Using a midwife can help, but if its a "hospital midwife" I think she may be a lot closer to the MD model of birth than you think. My midwife was big on natural talk & agreeing to my birthplan in her office, but on the big day I felt very surprised at how medical things became very quickly. In the end I was very glad to be in the hospital, I truly believe I needed the pitocin & oxygen to succeed, but i definitely felt like I was thrown into keytone tests, IVs, excessive temperature & fetal monitoring, & positions convenient to the staff more than my comfort as soon as I stepped through the doors.

Ginger said...

I'm so grateful I've been able to have all homebirths. Two months away from my 5th homebirth; 3rd waterbirth. So very grateful.

Jessie Roberts said...

What a wonderful post. Many women go into hospital birth wanting as natural of an experience as possible, but are unaware of how these seemingly harmless practices lead them toward a more medicalized birth.

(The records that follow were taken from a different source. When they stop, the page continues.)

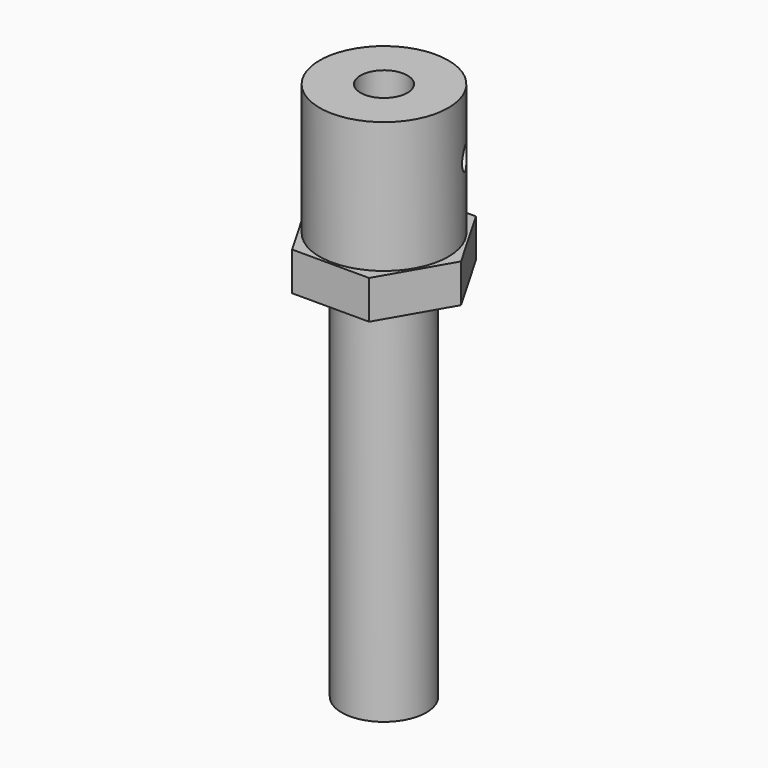
from build123d import *

# Parameters (mm, degrees)
F1_DEPTH = 4.99999
F2_R     = 8.34999981
F2_R_2   = 3.048
F3_DEPTH = 16.9999914
F4_R     = 1.4581169527
F5_DEPTH = 25.4
F6_R     = 5.5000017
F7_DEPTH = 47.999904
F9_DEPTH = 29.99994


# Not quite as in the source:
# - ends of sketch curves that miss each other by under 0.0002 mm in the source are joined


with BuildPart() as f1:
    # F0 (on Top) → F1 (new body)
    with BuildSketch(Plane.XY):
        Polygon((10.0000054, 0), (5.0000027, 8.6602587144), (-5.0000027, 8.6602587144), (-10.0000054, 0), (-5.0000027, -8.6602587144), (5.0000027, -8.6602587144), align=None)
    extrude(amount=F1_DEPTH)

    # F2 (on face) → F3 (join)
    with BuildSketch(Plane.XY.offset(4.99999)):
        Circle(F2_R)
        Circle(F2_R_2, mode=Mode.SUBTRACT)
    extrude(amount=F3_DEPTH)

    # F4 (on face) → F5 (cut)
    with BuildSketch(Plane(origin=(-7.50000405, -4.3301293572, 0), x_dir=(0.5, -0.8660254038, 0), z_dir=(-0.8660254038, -0.5, 0))):
        with Locations((0, 14.2499814)):
            Circle(F4_R)
    extrude(amount=-F5_DEPTH, mode=Mode.SUBTRACT)

    # F6 (on face) → F7 (join)
    with BuildSketch(Plane(origin=(0, 0, 0), x_dir=(1, 0, 0), z_dir=(0, 0, -1))):
        Circle(F6_R)
    extrude(amount=F7_DEPTH)

    # F8 (on face) → F9 (cut)
    with BuildSketch(Plane(origin=(0, 0, -47.999904), x_dir=(1, 0, 0), z_dir=(0, 0, -1))):
        with BuildLine():
            Line((2.5, -4.8989813941), (2.5, 0))
            ThreePointArc((2.5, 0), (0, 2.499995), (-2.499995, 0))
            Line((-2.499995, 0), (-2.5, -4.8989813941))
            ThreePointArc((-2.5, -4.8989813941), (0, -5.5000017), (2.5, -4.8989813941))
        make_face()
    extrude(amount=-F9_DEPTH, mode=Mode.SUBTRACT)


solid = f1.part

EFM is a practice that is not supported by evidence, but practiced by nearly every hospital. (Sure, not EVERY hospital, but at least 90%) In order to ensure the best outcomes, hospitals and OBs need to be practicing evidenced-based medicine, and EFM (and routine AROM and Pitocin) are NOT evidence-based.

Janie said...

love this post, but yet didn't create a link - hmmmm have no idea how that happened LOL

Ritsumei said...

This is a very useful post! I'm very fortunate - the hospital and OB I've used for my 1st 2 births is awesome. Intermittent monoitoring - often in the tub, even after my water broke, even with an IV because I was GBS+. I've had 2 completely unmedicated births. My husband likes to tease me about how I was bouncing around the room before I finally settled down to push the 2nd one - on my hands and knees on the bed. My doctor and his team are awesome! The nurses weren't so sure about doing it on hands & knees, but the Dr was great!

BUT we're trying to move, and I'm trying to get pregnant again. And my husband is completely uncomfortable with homebirth, so I'll likely have more hospital births, or a birthing center if we can find one. A list like this is sooo useful to me in trying to find another awesome doctor/midwife with a friendly facility to work with. Thank you.